Aboriginal Music Revolution
Director: Jesse Green
The Aboriginal Music program in Manitoba is the only one of its kind in North America. Aboriginal Music Program Director, Errol Ranville's approach is to nurture our Aboriginal artists and develop their talents starting from the grassroots level. Young up and comers, along with struggling veterans, are making the connections they need in the music industry, through the support of the Aboriginal Music Program.

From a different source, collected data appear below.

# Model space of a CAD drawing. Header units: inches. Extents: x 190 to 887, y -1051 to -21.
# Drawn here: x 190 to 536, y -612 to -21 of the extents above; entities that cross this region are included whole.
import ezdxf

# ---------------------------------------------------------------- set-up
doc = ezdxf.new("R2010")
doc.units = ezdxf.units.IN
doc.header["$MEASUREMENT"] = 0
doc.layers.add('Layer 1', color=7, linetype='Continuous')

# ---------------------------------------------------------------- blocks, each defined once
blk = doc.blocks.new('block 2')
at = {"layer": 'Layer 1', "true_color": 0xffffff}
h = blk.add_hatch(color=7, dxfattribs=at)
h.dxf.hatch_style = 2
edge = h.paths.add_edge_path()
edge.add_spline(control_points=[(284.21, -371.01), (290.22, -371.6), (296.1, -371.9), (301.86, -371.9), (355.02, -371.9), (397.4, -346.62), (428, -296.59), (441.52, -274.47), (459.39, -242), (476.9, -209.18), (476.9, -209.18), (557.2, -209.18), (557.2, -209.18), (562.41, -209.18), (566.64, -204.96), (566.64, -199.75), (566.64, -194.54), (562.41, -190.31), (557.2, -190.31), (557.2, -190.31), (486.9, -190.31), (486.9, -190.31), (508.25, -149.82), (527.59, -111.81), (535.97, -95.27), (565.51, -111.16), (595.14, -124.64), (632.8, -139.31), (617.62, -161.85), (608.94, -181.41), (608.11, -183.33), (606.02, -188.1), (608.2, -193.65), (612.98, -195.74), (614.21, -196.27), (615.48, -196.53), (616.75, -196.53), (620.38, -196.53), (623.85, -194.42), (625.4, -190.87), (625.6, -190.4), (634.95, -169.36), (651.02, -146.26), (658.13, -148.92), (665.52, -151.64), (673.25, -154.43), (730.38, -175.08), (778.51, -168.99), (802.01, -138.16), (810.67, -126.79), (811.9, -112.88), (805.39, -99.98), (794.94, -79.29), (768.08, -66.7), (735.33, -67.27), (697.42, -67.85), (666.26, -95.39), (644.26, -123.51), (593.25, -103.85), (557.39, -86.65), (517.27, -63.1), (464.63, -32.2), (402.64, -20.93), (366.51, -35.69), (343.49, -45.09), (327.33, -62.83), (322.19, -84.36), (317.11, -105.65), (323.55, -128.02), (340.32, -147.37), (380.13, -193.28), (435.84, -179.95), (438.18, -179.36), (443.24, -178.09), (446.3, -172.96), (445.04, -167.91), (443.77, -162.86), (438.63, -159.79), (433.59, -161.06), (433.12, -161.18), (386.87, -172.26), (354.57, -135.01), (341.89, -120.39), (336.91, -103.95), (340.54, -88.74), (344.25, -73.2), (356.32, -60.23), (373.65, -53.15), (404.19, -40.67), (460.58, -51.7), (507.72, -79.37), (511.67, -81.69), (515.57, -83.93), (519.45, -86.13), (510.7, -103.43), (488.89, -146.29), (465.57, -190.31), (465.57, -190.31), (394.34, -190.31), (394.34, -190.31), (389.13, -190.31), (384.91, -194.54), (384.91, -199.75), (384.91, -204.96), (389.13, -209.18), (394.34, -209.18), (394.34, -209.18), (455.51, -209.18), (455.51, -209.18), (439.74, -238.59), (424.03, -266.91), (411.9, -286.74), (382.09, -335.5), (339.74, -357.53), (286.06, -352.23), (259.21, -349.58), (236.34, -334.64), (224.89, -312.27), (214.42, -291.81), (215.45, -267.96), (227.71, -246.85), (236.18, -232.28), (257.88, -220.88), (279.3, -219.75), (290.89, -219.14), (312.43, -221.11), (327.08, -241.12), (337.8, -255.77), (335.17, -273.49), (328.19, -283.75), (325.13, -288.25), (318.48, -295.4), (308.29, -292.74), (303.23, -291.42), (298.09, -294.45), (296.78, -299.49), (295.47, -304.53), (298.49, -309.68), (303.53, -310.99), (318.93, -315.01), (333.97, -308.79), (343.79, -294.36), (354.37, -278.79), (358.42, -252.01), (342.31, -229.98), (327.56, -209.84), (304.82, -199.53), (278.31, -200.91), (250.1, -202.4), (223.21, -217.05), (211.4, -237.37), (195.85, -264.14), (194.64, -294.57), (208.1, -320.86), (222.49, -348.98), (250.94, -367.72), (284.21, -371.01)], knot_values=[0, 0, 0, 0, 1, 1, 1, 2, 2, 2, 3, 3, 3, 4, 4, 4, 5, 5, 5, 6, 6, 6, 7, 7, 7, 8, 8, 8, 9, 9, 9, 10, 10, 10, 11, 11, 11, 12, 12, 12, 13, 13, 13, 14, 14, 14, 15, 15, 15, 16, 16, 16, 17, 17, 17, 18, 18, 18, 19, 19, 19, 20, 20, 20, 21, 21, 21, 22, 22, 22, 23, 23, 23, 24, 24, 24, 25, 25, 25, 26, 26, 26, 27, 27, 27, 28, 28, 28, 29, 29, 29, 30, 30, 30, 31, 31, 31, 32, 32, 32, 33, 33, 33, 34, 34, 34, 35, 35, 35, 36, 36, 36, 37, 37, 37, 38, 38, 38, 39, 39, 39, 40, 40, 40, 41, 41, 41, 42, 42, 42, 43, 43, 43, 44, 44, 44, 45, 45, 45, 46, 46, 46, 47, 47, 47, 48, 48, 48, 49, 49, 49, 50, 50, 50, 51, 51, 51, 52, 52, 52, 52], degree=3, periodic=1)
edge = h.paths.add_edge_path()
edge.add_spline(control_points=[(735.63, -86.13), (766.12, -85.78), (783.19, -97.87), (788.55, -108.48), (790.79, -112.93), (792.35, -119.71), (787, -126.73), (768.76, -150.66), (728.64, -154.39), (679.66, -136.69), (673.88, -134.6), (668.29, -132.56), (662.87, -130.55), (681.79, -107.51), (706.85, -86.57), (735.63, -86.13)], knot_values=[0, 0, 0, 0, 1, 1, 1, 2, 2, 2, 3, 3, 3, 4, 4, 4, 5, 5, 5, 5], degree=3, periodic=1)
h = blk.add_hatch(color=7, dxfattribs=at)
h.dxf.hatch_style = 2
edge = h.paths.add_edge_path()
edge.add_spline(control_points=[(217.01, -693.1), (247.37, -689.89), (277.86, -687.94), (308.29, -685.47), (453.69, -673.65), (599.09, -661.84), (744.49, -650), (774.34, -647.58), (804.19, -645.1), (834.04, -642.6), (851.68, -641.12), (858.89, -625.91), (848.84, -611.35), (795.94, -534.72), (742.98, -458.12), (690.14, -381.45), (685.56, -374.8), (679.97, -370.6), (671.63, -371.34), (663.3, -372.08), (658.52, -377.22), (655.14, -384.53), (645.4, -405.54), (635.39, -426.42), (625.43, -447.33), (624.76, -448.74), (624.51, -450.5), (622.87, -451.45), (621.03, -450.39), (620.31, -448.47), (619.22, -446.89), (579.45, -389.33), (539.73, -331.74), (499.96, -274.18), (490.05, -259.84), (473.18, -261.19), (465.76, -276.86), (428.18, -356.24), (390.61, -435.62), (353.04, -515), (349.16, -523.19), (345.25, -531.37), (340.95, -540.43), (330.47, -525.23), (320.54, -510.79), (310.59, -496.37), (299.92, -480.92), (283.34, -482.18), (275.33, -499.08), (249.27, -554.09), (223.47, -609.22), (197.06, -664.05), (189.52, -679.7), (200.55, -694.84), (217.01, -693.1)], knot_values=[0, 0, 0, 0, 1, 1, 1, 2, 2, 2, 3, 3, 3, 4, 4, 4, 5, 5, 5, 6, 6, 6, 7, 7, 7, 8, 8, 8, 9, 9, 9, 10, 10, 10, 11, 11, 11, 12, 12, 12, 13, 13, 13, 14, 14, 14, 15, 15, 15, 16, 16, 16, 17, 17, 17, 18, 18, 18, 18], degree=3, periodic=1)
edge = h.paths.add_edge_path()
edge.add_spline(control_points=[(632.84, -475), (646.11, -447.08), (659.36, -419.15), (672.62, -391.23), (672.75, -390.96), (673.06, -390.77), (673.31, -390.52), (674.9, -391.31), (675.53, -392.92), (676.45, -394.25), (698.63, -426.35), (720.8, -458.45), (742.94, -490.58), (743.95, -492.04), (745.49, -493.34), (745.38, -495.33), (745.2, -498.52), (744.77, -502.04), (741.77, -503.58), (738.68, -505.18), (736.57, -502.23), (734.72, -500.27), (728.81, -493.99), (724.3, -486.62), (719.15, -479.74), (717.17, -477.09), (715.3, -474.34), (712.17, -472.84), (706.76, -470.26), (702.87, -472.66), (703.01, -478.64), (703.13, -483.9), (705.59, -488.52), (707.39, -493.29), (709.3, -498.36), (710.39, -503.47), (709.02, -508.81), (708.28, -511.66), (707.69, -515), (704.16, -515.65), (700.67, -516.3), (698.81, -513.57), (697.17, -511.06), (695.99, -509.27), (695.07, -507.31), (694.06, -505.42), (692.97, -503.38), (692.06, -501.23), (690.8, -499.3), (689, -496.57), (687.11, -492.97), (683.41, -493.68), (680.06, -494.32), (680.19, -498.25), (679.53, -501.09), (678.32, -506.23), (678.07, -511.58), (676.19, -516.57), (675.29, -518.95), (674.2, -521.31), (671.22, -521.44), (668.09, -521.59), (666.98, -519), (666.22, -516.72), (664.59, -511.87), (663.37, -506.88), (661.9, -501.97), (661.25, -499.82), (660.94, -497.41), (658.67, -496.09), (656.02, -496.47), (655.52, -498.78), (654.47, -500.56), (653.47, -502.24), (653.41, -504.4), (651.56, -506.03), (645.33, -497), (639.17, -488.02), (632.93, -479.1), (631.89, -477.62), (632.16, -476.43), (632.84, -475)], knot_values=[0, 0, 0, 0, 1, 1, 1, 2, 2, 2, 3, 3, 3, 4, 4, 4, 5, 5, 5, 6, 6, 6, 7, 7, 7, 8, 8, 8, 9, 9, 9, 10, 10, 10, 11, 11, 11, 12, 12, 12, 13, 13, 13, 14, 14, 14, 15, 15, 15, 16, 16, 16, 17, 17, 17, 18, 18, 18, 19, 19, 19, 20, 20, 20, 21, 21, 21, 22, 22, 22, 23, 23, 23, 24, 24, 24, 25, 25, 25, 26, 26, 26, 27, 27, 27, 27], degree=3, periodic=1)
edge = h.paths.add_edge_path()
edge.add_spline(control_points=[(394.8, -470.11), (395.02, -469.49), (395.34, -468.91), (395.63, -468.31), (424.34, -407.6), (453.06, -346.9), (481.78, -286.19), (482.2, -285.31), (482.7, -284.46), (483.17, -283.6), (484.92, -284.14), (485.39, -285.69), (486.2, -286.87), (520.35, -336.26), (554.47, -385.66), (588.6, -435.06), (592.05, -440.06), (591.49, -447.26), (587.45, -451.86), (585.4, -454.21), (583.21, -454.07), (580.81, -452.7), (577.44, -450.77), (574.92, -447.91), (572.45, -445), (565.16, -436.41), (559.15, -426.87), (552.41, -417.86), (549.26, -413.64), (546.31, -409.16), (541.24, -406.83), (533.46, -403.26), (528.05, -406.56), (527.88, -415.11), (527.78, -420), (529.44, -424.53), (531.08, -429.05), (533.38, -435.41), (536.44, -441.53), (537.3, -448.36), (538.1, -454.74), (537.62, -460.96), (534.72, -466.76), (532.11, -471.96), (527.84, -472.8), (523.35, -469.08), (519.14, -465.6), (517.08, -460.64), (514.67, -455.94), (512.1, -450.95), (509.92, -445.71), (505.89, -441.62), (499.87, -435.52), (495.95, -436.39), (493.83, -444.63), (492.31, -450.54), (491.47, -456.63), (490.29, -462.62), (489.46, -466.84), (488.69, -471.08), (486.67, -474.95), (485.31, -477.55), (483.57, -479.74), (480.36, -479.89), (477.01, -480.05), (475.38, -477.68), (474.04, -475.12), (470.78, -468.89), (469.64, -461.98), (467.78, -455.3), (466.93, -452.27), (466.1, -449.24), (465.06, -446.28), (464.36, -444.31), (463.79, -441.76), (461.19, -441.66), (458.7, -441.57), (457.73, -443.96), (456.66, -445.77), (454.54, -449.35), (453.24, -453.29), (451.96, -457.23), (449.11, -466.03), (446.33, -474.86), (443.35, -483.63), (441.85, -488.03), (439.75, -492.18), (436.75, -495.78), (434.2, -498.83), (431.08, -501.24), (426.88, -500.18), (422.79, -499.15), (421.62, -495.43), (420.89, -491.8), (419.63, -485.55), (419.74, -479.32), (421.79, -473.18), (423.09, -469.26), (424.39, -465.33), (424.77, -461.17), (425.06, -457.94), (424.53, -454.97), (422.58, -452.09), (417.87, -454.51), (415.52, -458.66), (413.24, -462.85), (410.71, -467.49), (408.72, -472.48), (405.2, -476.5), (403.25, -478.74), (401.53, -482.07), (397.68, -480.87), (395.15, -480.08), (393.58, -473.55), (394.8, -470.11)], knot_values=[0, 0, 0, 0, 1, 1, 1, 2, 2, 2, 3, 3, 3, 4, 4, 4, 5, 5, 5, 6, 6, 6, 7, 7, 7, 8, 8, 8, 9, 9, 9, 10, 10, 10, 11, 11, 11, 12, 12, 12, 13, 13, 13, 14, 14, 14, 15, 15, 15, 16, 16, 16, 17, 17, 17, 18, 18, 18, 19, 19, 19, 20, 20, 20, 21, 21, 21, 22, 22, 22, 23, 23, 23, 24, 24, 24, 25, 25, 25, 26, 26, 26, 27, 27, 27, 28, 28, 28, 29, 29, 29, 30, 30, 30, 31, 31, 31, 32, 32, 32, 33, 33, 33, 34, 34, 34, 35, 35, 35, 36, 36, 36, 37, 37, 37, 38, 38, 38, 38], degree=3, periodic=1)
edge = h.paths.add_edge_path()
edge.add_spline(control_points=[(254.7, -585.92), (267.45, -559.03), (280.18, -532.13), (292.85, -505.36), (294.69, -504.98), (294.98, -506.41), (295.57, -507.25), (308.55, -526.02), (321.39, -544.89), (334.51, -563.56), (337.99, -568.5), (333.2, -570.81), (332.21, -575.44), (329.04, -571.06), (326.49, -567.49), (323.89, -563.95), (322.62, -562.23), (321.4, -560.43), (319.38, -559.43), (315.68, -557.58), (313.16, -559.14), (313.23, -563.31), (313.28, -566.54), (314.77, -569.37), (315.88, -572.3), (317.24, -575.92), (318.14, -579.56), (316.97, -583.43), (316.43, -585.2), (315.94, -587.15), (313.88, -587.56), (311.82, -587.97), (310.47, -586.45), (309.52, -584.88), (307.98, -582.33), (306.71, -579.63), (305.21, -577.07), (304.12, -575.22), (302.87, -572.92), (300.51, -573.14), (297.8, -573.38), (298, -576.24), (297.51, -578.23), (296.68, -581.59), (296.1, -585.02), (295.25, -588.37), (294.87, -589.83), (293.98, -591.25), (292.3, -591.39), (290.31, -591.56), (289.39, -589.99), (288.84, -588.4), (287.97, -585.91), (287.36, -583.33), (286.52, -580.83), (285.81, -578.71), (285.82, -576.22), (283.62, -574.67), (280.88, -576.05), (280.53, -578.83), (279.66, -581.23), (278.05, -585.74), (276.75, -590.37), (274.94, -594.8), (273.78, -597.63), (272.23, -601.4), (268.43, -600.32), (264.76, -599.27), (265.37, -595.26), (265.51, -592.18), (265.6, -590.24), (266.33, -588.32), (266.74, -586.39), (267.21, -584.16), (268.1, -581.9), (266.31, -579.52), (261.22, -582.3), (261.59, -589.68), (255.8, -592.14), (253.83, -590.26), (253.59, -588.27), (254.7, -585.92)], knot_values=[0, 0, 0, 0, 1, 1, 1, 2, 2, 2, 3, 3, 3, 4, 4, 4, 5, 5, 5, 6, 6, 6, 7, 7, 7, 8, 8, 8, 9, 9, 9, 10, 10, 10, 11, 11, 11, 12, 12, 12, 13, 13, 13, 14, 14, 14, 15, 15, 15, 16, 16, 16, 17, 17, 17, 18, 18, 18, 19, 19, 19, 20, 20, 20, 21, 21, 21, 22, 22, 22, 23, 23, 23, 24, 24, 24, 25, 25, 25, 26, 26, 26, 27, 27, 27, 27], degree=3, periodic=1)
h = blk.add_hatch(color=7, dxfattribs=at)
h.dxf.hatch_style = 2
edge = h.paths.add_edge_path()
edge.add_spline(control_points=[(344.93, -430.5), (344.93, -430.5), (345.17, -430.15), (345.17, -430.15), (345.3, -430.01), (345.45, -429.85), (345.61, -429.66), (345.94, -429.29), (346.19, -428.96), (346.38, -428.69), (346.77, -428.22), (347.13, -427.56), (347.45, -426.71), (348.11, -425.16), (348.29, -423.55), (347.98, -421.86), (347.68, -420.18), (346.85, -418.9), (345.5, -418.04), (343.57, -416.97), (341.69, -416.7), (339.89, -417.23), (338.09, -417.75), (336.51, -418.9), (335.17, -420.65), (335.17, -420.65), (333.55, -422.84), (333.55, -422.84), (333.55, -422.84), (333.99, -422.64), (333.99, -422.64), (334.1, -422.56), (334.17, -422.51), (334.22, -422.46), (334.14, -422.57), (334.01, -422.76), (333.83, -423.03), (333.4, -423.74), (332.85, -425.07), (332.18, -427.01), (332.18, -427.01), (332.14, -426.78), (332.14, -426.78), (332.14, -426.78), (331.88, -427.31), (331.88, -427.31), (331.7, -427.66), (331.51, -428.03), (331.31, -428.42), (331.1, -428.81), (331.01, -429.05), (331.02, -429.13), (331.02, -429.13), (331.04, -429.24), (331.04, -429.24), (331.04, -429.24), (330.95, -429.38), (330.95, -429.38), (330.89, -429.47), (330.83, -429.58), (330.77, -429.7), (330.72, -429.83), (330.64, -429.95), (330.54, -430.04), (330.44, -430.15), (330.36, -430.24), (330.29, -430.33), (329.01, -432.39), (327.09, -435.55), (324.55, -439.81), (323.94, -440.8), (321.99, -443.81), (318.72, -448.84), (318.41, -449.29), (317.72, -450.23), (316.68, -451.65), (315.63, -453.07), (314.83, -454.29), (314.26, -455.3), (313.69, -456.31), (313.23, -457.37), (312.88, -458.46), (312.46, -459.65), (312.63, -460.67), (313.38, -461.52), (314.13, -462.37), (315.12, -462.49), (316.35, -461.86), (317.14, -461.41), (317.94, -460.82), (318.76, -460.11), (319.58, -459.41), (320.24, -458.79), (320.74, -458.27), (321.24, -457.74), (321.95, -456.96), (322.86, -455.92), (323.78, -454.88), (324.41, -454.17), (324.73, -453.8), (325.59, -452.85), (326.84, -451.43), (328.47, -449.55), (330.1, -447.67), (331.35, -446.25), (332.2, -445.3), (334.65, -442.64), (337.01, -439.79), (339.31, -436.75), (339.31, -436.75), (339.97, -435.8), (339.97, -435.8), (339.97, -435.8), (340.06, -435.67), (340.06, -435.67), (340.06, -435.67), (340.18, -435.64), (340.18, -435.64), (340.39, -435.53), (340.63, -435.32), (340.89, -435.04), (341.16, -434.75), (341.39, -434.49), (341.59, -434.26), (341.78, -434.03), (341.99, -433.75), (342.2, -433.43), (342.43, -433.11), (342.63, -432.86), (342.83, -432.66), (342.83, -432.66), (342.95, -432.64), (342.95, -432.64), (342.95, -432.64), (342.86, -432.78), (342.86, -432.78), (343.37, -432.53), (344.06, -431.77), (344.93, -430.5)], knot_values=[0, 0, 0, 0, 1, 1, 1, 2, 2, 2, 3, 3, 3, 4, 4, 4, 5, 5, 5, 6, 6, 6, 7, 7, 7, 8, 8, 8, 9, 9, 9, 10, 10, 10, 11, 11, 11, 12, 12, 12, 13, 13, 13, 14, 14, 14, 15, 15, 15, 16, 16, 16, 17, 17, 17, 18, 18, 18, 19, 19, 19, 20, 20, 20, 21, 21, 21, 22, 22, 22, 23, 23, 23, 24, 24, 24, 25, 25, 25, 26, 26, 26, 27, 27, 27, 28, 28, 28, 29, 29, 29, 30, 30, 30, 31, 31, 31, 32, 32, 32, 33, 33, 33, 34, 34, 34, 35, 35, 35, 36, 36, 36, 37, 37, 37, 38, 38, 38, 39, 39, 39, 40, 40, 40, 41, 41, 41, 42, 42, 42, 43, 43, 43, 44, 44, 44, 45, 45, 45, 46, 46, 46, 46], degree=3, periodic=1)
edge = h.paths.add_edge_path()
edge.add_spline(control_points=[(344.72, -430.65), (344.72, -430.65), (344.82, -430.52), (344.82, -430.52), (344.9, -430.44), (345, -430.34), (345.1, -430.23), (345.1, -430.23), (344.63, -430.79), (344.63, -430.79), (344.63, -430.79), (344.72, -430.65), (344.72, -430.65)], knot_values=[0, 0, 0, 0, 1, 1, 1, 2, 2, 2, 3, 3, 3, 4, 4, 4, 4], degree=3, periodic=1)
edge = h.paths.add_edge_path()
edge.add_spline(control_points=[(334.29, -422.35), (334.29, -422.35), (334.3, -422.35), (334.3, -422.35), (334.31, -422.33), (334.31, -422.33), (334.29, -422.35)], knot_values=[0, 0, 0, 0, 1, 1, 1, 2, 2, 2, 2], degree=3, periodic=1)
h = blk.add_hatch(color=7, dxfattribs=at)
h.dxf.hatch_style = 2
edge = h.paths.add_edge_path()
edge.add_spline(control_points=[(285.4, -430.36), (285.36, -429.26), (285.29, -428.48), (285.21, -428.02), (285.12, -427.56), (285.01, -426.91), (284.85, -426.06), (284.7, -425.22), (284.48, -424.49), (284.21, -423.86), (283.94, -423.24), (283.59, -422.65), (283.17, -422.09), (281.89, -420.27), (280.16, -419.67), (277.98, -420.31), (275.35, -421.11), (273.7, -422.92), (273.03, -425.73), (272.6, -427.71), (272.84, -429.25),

This episode of the Sharing Circle will focus on Errol Ranville's life and how he is giving back to a community that has supported him throughout his career as well as the impact of the Aboriginal Music Program and how it is changing the way people look at the industry. The initiatives of the Aboriginal Music Program are advancing the Aboriginal music industry at a lightning pace. An industry that is decades behind will soon be revealed, whether society is ready for it or not.

Comic Book Creators
Director: Jeff Newman
For thousands of years, the visual arts have been a way for Canada's Aboriginal people to express themselves, share information, and provide imagery for stories and legends. Today, this art has evolved and progressed in methodology and style, but the core meaning remains – a means of sharing stories from the Aboriginal point of view. For younger people, this ancient tradition is being kept alive through cutting edge design, stylish comic books, and a new form of contemporary art that is unique from anything seen before. We will follow some of today's Aboriginal artistic mavericks and share their stories, showing how traditional values are being blended with a modern approach to art.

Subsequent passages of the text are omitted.